Q2. What have the authors stated for future works in "Bayesian analysis of serial dilution assays" ?
6. 3 Further Work An important direction of future research is to study which aspects of the curves vary between samples and which are stable, to allow the possibility of more accurate calibration. The model can potentially be improved in various ways, most notably by generalizing the function ( 1 ) of expected measurements. This represents a problem with both classical and Bayes estimates, and the authors suspect it is the reason why estimates from dilution assays are in practice much more variable than would be suggested by even the classical estimates in Figure 3.
Q3. What is the way to improve the accuracy of the assay?
By yielding more accurate estimates and quantifying inferential uncertainties (especially in the cases previously deemed outside detection limits), the Bayesian approach sets the stage for more systematic studies of model and design innovations, which the authors hope will lead to an even broader extension of the range of concentrations to which assays can be applied.
Q4. What are the weights for each unknown sample?
The weights depend on the unknown parameters θ, β, α, and so when the authors are fitting the model, the authors compute the set of weights for each of the unknown samples and normalize each set to sum to 1, for each posterior simulation draw.
Q5. What is the common design for estimating the concentrations of compounds in biological samples?
A common design for estimating the concentrations of compounds in biological samples is the serial dilution assay, in which measurements are taken at several different dilutions of a sample, giving several opportunities for an accurate measurement.
Q6. What is the advantage of the Bayesian approach?
The second advantage of the Bayesian approach is that it can incorporate several sources of variation without requiring point estimation or linearization, either of which can cause uncertainties to be underestimated in this nonlinear errors-in-variables model (Davidian and Giltinan, 1995; Dellaportas and Stephens, 1995).
Q7. What is the standard method used to estimate the concentrations of unknown samples?
the standards data are used to estimate the curve relating concentrations to measurements—typically assumed to be a four-parameter logistic function—using least squares.
Q8. What is the purpose of the hierarchical distribution for unknown concentrations?
When using the model to estimate unknown concentrations θ1, . . . , θJ , the authors fit a hierarchical model of the form,log θj ∼ N ( µθ, σ 2 θ ) , for j = 1, . . . , J.
Q9. What is the definition of a dilution assay?
Assays are performed using microtiter plates (for example, see Table 1) that contain two sorts of data: unknowns, which are the samples to be measured and their dilutions; and standards, which are dilutions of a known compound, used to calibrate the measurements.
Q10. What is the posterior median of the calibration curve?
The posterior median estimates of the parameters of the calibration curve are β̂1 = 14.8 (with a posterior 50% interval of [14.7, 15.0]), β̂2 = 94.3[89.8, 99.0], β̂3 = 0.048[0.044, 0.052], and β̂4 = 1.41[1.37, 1.46].
Q11. How do the authors use the weights to understand the information in existing data?
5.4 Using the Weights to Understand the Information in Existing DataFor any given unknown sample, the authors now have a weight for each measurement, and these can be normalized to sum to 1.
Q12. How can the authors estimate unknown concentrations using Bayesian methods?

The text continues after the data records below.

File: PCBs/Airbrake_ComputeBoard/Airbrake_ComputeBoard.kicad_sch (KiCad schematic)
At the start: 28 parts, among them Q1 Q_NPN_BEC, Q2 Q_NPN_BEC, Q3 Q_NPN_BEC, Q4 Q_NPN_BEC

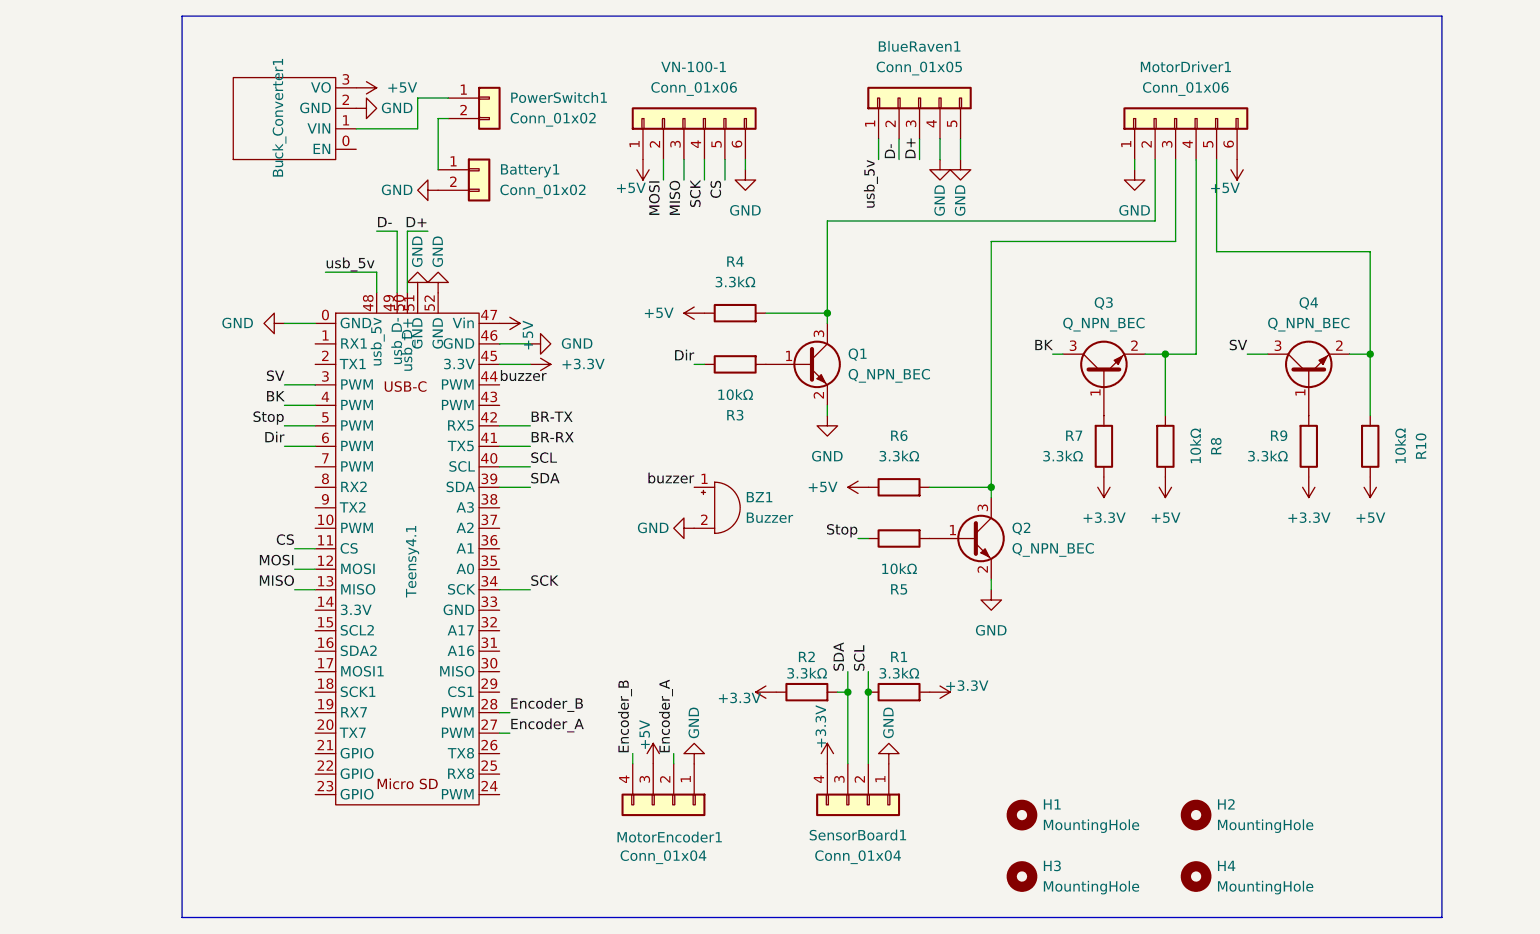
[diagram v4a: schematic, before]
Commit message: Added optocouplers, level shifter, and connector for a limit switch
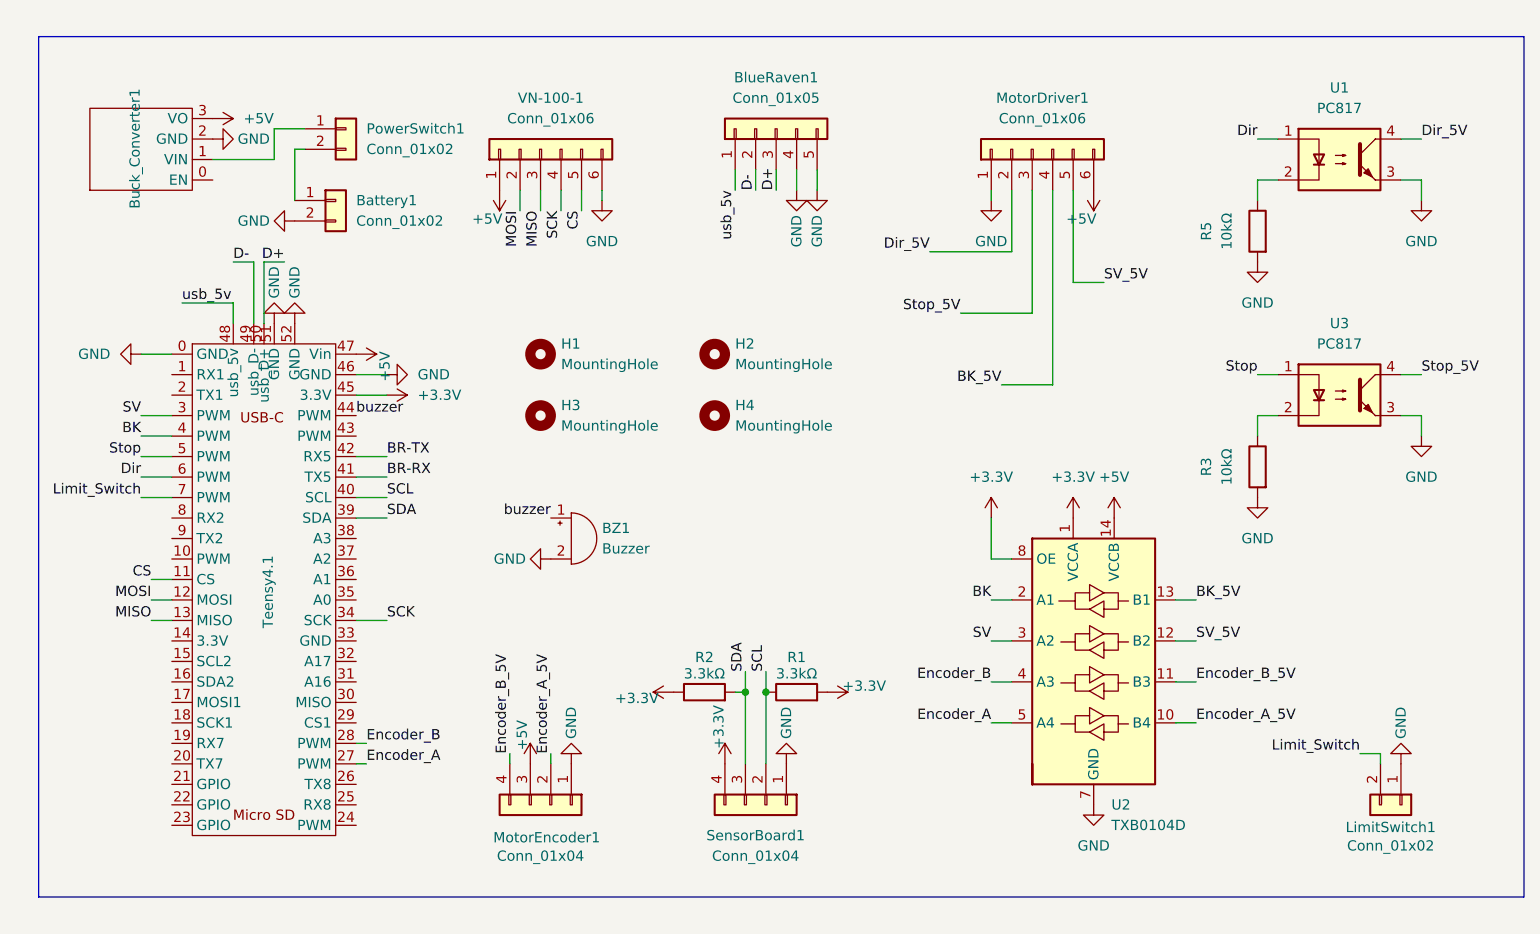
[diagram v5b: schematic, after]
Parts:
- removed Q1, Q2, Q3, Q4: Q_NPN_BEC, Package_TO_SOT_SMD:SOT-23, symbol Device:Q_NPN_BEC
- removed R10, R8: 10kΩ, Resistor_SMD:R_0805_2012Metric_Pad1.20x1.40mm_HandSolder, symbol Device:R
- removed R4, R6, R7, R9: 3.3kΩ, Resistor_SMD:R_0805_2012Metric_Pad1.20x1.40mm_HandSolder, symbol Device:R
- added LimitSwitch1: Conn_01x02, symbol Connector_Generic:Conn_01x02
- added U1, U3: PC817, Package_DIP:DIP-4_W7.62mm, symbol Isolator:PC817
- added U2: TXB0104D, Package_SO:SOIC-14_3.9x8.7mm_P1.27mm, symbol Logic_LevelTranslator:TXB0104D
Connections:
- net +3.3V: now also U2.1 (VCCA), U2.8 (OE)
- net +5V: now also U2.14 (VCCB)
- net BK: now also U2.2 (A1)
- net Dir: now also U1.1; no longer R3.1
- net Encoder_A: now also U2.5 (A4); no longer MotorEncoder1.2 (Pin_2)
- net Encoder_B: now also U2.4 (A3); no longer MotorEncoder1.4 (Pin_4)
- net GND: now also R3.2, R5.2, LimitSwitch1.1 (Pin_1), U1.3, U2.7 (GND), U3.3
- net SV: now also U2.3 (A2)
- net Stop: now also U3.1; no longer R5.1
- net BK_5V: now reaches MotorDriver1.4 (Pin_4)
- net BK_5V: now also U2.13 (B1)
- net SV_5V: now reaches MotorDriver1.5 (Pin_5)
- net SV_5V: now also U2.12 (B2)
- net Dir_5V: now reaches MotorDriver1.2 (Pin_2)
- net Dir_5V: now also U1.4
- net Limit_Switch: now reaches Teensy4.1.7 (PWM)
- net Limit_Switch: now also LimitSwitch1.2 (Pin_2)
- net Stop_5V: now reaches MotorDriver1.3 (Pin_3)
- net Stop_5V: now also U3.4
- new net: R3.1, U3.2
- new net: R5.1, U1.2
- new net Encoder_A_5V: MotorEncoder1.2 (Pin_2), U2.10 (B4)
- new net Encoder_B_5V: MotorEncoder1.4 (Pin_4), U2.11 (B3)
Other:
- moved on the sheet: BZ1, Battery1, BlueRaven1, Buck_Converter1, H1, H2, H3, H4, MotorDriver1, MotorEncoder1, PowerSwitch1, R1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

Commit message: Made new PCB
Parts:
- added C1, C2: 0.1µF, Capacitor_SMD:C_0805_2012Metric_Pad1.18x1.45mm_HandSolder, symbol Device:C
- LimitSwitch1: footprint (none) -> Connector_JST:JST_XH_B2B-XH-A_1x02_P2.50mm_Vertical
- R3, R5: value 10kΩ -> 180Ω
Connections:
- net +3.3V: now also C1.1
- net +5V: now also C2.1
- net BK: now also U2.4 (A3); no longer U2.2 (A1)
- net BK_5V: now also U2.11 (B3); no longer U2.13 (B1)
- net Encoder_A: now also U2.2 (A1); no longer U2.5 (A4)
- net Encoder_A_5V: now also U2.13 (B1); no longer U2.10 (B4)
- net Encoder_B: now also U2.3 (A2); no longer U2.4 (A3)
- net Encoder_B_5V: now also U2.12 (B2); no longer U2.11 (B3)
- net GND: now also C1.2, C2.2
- net SV: now also U2.5 (A4); no longer U2.3 (A2)
- net SV_5V: now also U2.10 (B4); no longer U2.12 (B2)

The authors have also programmed the inference using the Metropolis algorithm (see, e.g., Gilks, Richardson, and Spiegelhalter, 1996) directly in R.Section 3.2 shows how Bayesian methods allow estimation of unknown concentrations with reasonable accuracy using much less data than needed by conventional methods, even with measurements that at first appear to be outside “detection limits.”
Q13. How many samples are available for the estimation of unknown concentrations?
In Section 4, the authors show that it is possible to obtain accurate estimates of concentrations varying by a factor of 46 or 47 (that is, ranging from sample 1 to sample 7 or 8 in Figure 5) and reasonable estimates over the entire range of 49, or 260,000.